No, I don't want to be an electrical engineer. But, that doesn't mean that there aren't a couple embedded projects I've seen that I would find useful. For example, I spent almost fifty dollars on this 'morning simulation' alarm clock. I could make another for the other place I sleep for much cheaper. But, it would be less intimidating if I've practiced on something I can mess up. I paid fifty dollars because I didn't trust myself to solder up all the switches for my new ergodox. A cheaper gun will have just as much space to learn.

Closing arguments.

You want to spend fifty dollars on a toy. You will use this toy for less than two hours over the rest of your lifetime. Supposedly, you have lots of little projects that will keep you coming back to it. But really, they will pale after you get this noisy, inaccurate dart thrower and realize - as you have many times before - that you don't care as much as you hoped you would. Without someone to shoot and be shot at by, a gun has no purpose. It may end up on your wall. But, it will end up in your closet, just like the unstrung crossbow you were gifted. Do us a favor: buy yourself a backup wristwatch and a graphic novel (Or three comics Or two movies Or a cs book and a comic). You will get far more out of them than a pretend sniper rifle.

I'll admit, my main argument consists of 'this looks cool, let me have it'. I may not need a project, but this will provide more basis for that than a nerf alpha trooper. That & similar guns look more toylike. The initial hacks are easy enough. An embedded project will guide me back in time. So long as it's sooner than never, the purchase is still worthwhile. Yes, a couple graphic comics would be categorically more fun than a centurion. But, I am liable to burn through them faster.
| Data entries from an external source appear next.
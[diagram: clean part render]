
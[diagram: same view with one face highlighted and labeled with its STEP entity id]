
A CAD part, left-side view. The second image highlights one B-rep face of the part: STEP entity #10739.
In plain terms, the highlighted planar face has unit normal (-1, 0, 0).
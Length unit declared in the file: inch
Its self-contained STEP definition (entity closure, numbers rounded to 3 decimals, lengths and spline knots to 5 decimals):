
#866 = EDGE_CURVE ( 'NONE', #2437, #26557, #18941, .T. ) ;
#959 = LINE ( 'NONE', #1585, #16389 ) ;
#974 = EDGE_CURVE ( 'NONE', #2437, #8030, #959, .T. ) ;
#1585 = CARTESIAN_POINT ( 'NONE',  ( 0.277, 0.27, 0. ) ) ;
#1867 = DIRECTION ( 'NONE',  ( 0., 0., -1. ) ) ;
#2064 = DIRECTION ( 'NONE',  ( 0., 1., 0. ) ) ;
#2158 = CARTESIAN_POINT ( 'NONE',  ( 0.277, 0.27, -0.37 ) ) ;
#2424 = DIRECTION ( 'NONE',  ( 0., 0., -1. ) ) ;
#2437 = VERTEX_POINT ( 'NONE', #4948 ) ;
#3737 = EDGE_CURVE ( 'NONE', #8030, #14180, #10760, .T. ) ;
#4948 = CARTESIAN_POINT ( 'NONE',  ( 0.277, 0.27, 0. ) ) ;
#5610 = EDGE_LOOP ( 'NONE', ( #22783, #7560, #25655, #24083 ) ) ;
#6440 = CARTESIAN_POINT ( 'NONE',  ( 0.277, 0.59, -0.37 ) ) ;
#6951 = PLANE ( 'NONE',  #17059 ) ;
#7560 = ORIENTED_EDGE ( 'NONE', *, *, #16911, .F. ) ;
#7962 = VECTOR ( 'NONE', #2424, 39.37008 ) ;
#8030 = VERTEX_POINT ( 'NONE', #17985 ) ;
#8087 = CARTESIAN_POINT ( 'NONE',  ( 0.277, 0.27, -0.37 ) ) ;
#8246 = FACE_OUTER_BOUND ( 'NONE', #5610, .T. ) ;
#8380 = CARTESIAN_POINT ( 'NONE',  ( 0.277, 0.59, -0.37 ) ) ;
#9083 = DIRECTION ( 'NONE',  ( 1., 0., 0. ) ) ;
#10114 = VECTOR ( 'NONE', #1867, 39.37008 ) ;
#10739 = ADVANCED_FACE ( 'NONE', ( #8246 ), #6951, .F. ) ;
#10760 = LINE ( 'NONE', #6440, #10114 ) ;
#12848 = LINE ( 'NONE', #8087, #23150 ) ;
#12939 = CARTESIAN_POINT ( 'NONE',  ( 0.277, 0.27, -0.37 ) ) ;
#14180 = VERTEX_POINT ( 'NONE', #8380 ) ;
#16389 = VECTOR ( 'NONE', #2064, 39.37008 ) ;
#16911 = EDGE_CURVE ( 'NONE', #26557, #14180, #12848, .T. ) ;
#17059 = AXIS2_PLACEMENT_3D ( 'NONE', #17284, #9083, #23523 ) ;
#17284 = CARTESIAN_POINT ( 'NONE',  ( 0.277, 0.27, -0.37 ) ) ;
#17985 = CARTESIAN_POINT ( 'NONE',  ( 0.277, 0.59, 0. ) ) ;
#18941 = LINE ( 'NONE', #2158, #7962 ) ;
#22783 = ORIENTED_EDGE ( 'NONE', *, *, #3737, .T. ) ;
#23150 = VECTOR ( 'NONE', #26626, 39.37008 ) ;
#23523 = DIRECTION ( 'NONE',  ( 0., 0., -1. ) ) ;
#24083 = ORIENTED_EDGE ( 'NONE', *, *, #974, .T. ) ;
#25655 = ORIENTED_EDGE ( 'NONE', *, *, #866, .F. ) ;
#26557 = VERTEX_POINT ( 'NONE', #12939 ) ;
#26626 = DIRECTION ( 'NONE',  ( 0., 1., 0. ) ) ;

This is a slower realized investment, but one that may yet bear fruit.

split centurion sans barrel
Photo hosted on imageshack, used in a digitalcomplex discusson.

From a highly reliable source, it would appear the last items to leave the factory in leaks are a Mega Light Machine Gun blaster, and a new cartridge based Elite sniper called Ranger One (NerfNation said that "2014 is the year of the lever" so could this be the real zwinchester
Reddit source

I guess I could table the issue until I see what these new nerf guns look like. If target/amazon haven't divested themselves of their supply after a whole year, a couple of months won't hurt. Oh yes, let's wait til the newest shiny thing appears so you can spring on that before I argue you down like I did here.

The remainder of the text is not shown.